# 04 Driver's Door Won't Unlock



## LS1 2 Go (Nov 13, 2008)

OK, this has been the week for lock problems for me. First the trunk and today its the driver's door. Has anyone else had this happen on their 04?

Today I actually felt like the stereotype Blonde joke of someone who got locked INSIDE their car. No kidding, my drivers door would unlock (hear it) the door latches on both doors sprung up but for some reason the driver's door would not open. I crawled through the passenger's side and locked/unlocked the doors and could not open the driver’s door from inside or outside. It almost felt like the latching mechanism had broken away from the inside and outside handles. I got back in and then started the car with the mode button pressed. I then reset the computer to the factory default settings. Guess what, the door unlock???

I also noticed that while I couldn't unlock the door that every time I pressed my key fob to lock the doors my headlights would flash (normally do) but my horn also beeped twice. I checked the program and the horn was selected off. 

Question: I'm wondering if the transponder in the key has anything to do with this? Does the alarm system have anything to do with the door locking or unlocking with a bad key transponder??

Thanks again for your help!


----------



## GTO JUDGE (May 14, 2005)

Could be the Body Control Module or the door actuator. I just had the same thing happen to me on the drivers side, and it was a door actuator.

If you have another key fob try that. My bet is on the door actuator. If you take the car to the dealer they can hook up their scanner and they will get error codes. That will tell them where the problem is, (hopefully).


----------



## Northeast Rod Run (Oct 29, 2008)

sounds like a bad actuator. I had both of them replaced on my '04

as far as the horn going off. that is a very nice feature these cars have. even if you have it deactivated for your alarm, if your locks aren't working right, the horn will sound to let you know there is something wrong. that's a lot better than you walking away from your car somewhere, pressing the button thinking your doors were locked, then find out later that they weren't and someone stole something out of your car. I think it's a great thing


----------



## LS1 2 Go (Nov 13, 2008)

An update on the door-unlocking saga with my 04...

I contacted a Holden dealer in Australia and he basically said that the door actuators were probably the problem. He also said that the BCM might be the problem and the best way to check it was to do a resistance check on it and compare it to a new BCM.

I opted to replace the driver’s door actuator ($185 at my local Pontiac dealer). It appeared to work for a month but then nightmare happened again. Both of the door locks would pop up with the key fob but the door handles would not open the door. After ten minutes with the key I was able to unlock the drivers door. Once I arrived home, I lowered the windows (the old Dukes of Hazard move) and locked the car. While inside the car, I unlocked the doors with the key fob. Both locks popped up but neither the inside or outside handles would unlock the doors.

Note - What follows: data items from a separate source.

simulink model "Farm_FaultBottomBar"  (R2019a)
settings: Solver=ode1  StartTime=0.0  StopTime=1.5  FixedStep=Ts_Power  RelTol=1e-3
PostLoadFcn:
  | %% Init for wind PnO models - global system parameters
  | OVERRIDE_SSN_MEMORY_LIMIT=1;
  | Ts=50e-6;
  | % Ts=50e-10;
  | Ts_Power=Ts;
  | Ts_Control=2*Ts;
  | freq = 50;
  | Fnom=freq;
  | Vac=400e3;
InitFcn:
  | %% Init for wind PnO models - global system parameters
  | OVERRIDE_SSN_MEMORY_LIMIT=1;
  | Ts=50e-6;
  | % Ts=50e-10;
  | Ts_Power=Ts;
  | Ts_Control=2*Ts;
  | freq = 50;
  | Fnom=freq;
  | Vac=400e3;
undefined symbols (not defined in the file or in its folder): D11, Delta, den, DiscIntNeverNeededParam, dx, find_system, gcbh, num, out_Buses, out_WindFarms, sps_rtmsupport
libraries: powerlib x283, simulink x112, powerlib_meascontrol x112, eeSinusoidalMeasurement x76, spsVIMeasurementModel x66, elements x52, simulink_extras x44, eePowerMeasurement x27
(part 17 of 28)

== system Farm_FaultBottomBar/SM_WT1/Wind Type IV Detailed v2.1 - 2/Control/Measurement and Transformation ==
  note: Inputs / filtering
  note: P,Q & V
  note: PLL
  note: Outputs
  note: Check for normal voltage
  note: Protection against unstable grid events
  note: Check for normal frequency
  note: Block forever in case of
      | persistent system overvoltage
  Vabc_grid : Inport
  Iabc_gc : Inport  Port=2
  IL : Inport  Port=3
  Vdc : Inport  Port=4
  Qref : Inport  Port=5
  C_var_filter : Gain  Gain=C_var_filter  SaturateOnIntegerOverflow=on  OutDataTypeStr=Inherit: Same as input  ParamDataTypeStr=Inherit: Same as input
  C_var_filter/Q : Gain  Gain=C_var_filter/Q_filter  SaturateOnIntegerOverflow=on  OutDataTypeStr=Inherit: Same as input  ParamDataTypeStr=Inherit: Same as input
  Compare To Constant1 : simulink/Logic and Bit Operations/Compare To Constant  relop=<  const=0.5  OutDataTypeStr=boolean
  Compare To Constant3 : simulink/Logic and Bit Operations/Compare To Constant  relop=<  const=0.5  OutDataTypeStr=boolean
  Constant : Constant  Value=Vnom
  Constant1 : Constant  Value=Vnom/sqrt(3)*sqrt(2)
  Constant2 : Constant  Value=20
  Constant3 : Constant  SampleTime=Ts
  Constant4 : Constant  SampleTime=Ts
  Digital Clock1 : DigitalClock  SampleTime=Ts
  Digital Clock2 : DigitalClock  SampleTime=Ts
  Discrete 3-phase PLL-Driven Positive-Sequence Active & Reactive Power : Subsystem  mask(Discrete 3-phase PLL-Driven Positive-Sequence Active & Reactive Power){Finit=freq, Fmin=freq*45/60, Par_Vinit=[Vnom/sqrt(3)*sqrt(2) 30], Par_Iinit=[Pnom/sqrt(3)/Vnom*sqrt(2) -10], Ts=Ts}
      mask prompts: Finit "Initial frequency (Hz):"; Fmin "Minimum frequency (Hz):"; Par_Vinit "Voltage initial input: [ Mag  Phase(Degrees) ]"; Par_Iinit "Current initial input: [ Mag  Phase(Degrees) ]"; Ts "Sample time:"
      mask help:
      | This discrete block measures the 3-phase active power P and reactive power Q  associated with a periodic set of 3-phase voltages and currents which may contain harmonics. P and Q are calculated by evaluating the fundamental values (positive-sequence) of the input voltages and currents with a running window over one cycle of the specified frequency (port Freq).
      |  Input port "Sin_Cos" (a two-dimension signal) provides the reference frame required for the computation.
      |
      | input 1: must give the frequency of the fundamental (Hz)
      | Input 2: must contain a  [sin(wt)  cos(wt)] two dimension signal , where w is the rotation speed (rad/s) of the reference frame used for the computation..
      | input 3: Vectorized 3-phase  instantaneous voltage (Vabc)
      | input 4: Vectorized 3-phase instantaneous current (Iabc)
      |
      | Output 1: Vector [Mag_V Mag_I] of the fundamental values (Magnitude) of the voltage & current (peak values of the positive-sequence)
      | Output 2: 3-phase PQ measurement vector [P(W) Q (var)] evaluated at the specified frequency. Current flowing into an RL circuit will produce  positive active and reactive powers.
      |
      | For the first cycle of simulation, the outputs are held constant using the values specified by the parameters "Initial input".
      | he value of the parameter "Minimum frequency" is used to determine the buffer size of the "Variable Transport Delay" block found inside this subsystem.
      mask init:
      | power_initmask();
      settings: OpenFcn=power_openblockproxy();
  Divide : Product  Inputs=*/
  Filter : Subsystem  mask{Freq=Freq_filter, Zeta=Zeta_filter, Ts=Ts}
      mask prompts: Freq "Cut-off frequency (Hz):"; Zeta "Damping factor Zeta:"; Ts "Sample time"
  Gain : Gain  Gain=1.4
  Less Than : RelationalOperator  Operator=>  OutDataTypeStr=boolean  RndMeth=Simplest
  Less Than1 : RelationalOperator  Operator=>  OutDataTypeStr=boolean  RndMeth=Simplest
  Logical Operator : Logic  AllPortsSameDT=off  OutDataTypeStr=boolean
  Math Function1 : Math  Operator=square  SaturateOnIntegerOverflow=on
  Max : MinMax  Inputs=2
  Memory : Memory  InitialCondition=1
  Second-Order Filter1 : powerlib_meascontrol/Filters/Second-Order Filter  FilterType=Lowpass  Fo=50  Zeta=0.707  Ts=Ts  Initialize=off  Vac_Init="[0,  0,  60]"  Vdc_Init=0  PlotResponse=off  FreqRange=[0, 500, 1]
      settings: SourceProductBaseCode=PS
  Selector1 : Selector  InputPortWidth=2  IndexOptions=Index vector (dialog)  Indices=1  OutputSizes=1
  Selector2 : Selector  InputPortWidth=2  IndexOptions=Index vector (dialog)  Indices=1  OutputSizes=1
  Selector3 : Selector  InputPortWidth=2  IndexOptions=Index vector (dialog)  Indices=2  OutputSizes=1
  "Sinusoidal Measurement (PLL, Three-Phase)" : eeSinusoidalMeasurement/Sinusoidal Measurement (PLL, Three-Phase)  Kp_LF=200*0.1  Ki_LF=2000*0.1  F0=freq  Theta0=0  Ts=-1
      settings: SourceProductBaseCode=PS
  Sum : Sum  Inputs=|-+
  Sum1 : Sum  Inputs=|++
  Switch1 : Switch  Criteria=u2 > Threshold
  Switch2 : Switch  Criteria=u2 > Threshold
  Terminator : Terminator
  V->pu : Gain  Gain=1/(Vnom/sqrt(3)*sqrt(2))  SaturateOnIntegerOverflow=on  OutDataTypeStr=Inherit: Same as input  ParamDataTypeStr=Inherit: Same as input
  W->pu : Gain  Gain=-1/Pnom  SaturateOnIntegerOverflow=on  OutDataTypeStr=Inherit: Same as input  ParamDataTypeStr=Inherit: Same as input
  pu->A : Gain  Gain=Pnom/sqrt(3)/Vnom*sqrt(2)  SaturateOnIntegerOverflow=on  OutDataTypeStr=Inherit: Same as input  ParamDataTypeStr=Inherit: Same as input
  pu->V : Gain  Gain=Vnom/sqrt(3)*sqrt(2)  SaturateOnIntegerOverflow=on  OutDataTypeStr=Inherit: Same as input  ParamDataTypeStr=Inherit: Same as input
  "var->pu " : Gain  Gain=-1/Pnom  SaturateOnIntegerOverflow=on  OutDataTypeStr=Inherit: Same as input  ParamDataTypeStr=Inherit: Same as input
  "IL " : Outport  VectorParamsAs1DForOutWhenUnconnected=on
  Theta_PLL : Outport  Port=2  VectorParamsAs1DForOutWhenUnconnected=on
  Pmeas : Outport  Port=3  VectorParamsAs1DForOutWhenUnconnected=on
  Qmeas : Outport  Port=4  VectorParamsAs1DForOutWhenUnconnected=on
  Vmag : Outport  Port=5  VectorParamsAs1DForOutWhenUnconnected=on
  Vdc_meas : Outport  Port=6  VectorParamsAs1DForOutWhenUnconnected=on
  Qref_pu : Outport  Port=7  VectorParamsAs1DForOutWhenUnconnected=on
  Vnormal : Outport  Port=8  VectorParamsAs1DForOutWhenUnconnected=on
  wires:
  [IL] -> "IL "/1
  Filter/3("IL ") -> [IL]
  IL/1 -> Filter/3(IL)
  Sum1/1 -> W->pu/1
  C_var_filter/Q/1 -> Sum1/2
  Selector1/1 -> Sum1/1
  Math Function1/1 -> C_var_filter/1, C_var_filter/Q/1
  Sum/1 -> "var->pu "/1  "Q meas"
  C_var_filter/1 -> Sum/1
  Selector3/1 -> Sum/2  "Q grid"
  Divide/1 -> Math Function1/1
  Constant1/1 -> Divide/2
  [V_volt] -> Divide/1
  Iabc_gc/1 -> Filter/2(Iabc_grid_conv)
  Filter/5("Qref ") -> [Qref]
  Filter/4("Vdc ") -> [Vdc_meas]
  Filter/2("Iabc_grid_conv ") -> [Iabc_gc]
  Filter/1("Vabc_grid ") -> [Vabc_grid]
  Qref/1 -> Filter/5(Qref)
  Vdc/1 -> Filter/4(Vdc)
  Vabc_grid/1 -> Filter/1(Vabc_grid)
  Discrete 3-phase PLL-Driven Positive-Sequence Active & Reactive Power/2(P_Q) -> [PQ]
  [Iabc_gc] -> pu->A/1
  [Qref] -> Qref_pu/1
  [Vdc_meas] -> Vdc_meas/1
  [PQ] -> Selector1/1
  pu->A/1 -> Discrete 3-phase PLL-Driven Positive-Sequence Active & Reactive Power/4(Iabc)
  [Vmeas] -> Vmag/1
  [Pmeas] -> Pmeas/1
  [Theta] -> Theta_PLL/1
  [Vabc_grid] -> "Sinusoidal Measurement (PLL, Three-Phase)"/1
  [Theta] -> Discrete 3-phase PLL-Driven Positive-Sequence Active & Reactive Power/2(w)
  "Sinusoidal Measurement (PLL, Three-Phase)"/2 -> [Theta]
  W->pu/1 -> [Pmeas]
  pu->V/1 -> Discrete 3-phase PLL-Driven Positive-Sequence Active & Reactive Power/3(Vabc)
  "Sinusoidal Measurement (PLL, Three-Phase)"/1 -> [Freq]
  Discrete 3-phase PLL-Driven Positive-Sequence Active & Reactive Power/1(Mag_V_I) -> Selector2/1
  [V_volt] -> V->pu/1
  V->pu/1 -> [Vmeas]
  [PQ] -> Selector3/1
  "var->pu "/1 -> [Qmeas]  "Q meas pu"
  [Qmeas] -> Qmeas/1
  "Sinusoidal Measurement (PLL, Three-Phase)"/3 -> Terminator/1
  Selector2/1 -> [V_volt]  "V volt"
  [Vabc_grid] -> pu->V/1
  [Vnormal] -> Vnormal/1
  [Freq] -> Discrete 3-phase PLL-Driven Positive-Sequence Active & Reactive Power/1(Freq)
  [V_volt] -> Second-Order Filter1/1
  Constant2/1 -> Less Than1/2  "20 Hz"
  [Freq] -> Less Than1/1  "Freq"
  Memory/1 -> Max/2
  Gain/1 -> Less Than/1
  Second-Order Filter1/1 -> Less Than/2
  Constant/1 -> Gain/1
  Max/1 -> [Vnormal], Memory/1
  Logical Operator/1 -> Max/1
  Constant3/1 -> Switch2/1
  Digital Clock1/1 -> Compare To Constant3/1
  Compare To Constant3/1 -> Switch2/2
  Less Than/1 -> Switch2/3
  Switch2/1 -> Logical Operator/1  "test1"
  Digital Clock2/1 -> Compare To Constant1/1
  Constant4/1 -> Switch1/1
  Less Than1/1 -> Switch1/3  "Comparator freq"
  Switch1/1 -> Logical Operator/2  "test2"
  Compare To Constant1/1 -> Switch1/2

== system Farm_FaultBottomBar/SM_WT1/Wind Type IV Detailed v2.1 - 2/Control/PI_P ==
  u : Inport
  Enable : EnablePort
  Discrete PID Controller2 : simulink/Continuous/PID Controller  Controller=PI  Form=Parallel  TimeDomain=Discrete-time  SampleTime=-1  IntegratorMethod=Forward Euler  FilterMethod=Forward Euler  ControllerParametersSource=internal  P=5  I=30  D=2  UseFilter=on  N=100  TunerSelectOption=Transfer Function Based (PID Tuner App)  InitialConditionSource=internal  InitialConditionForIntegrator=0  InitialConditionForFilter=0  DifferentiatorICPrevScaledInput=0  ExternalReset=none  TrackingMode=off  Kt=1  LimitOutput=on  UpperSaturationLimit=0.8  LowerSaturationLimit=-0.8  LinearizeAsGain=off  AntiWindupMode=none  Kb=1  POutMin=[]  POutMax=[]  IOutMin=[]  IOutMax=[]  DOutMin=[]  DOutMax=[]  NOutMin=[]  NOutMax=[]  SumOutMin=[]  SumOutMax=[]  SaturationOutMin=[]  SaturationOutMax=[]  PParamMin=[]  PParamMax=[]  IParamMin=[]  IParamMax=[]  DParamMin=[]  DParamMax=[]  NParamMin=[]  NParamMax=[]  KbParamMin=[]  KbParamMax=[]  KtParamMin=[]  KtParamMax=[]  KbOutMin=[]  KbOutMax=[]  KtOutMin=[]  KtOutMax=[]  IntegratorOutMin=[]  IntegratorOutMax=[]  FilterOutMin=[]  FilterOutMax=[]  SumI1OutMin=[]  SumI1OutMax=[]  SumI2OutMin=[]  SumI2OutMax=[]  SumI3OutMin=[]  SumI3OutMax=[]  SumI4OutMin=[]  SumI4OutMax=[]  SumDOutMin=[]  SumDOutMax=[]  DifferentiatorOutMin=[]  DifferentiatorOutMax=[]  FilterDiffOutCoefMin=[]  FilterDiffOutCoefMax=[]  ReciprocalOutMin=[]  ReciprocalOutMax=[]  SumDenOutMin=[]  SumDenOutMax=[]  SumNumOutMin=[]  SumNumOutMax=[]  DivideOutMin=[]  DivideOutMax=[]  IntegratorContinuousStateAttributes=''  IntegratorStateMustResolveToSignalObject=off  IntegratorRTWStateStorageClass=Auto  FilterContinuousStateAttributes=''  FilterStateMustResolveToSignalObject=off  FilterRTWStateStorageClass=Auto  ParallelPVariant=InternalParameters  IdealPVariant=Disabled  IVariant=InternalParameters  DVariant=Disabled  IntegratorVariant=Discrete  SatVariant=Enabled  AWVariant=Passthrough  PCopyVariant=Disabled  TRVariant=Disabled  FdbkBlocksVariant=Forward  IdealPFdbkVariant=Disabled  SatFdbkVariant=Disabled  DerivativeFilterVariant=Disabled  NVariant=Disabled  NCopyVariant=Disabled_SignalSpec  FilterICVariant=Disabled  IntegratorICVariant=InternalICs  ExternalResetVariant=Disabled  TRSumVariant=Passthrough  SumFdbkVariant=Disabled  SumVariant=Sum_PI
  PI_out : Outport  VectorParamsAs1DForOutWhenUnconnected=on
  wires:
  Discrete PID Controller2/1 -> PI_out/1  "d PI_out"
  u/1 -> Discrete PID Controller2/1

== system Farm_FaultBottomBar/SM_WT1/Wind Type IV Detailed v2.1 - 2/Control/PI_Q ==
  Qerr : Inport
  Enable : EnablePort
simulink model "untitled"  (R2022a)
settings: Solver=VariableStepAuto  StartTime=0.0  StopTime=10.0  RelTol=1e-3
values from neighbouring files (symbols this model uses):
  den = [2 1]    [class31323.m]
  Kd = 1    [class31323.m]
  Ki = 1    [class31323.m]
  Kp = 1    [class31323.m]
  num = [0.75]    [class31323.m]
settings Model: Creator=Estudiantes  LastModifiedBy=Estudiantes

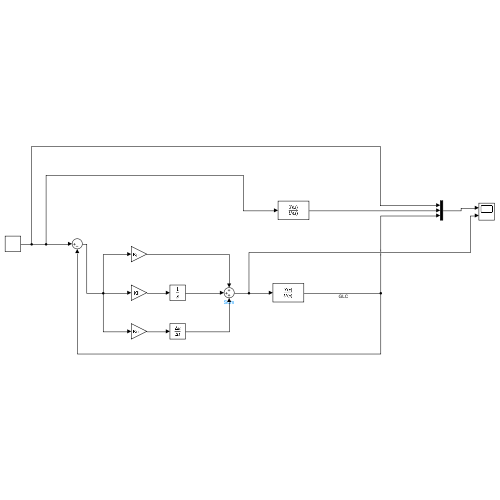
[thumbnail: Simulink's stored preview of the top-level diagram]
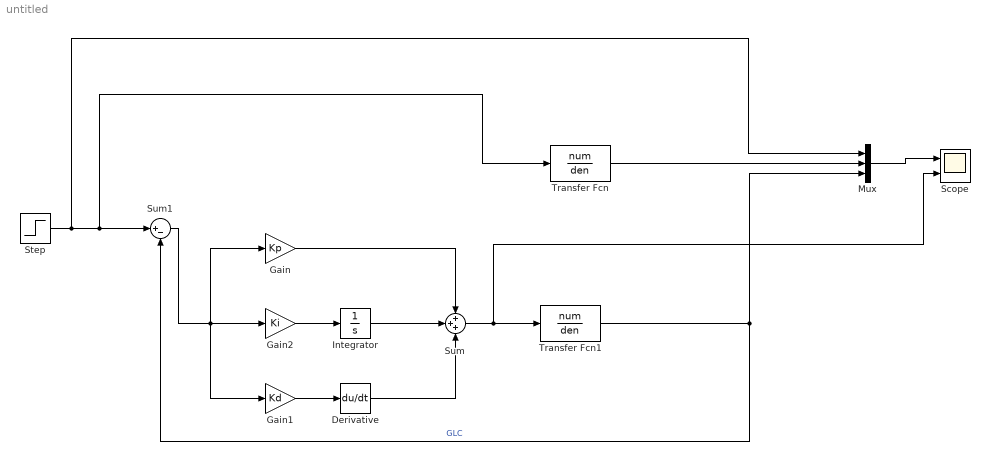
== system untitled ==
  Derivative : Derivative
  Gain : Gain  Gain=Kp
  Gain1 : Gain  Gain=Kd
  Gain2 : Gain  Gain=Ki
  Integrator : Integrator
  Mux : Mux  Inputs=3
  Scope : Scope  NumInputPorts=2
  Step : Step  Time=0  Before=1  SampleTime=0
  Sum : Sum  Inputs=+++
  Sum1 : Sum  Inputs=|+-
  Transfer Fcn : TransferFcn  Numerator=num  Denominator=den
  Transfer Fcn1 : TransferFcn  Numerator=num  Denominator=den
  wires:
  Gain2/1 -> Integrator/1
  Gain1/1 -> Derivative/1
  Gain/1 -> Sum/1
  Derivative/1 -> Sum/3
  Integrator/1 -> Sum/2
  Sum1/1 -> Gain1/1, Gain/1, Gain2/1
  Step/1 -> Mux/1, Transfer Fcn/1, Sum1/1
  Sum/1 -> Scope/2, Transfer Fcn1/1
  Transfer Fcn1/1 -> Mux/3, Sum1/2  "GLC"
  Mux/1 -> Scope/1
  Transfer Fcn/1 -> Mux/2

Three hours later, I had both doors opened. I removed the door panels and locking mechanisms to discover that the lubricant from Holden was probably not made to withstand the friendly winters in Ohio. The locks would “stick” and not fully open on either door. After a quick degrease, I applied some white grease and worked it through both locks and they open every time now. I also noticed that the passenger door had a new door actuator installed by the previous owner.

My apology for the novel but I think that I’ve finally resolved this headache and will no longer question if I’m going to get into my car once it’s unlocked.


----------



## GTO JUDGE (May 14, 2005)

Could be the BCM acting up. If it happens again that will be your next expense.


----------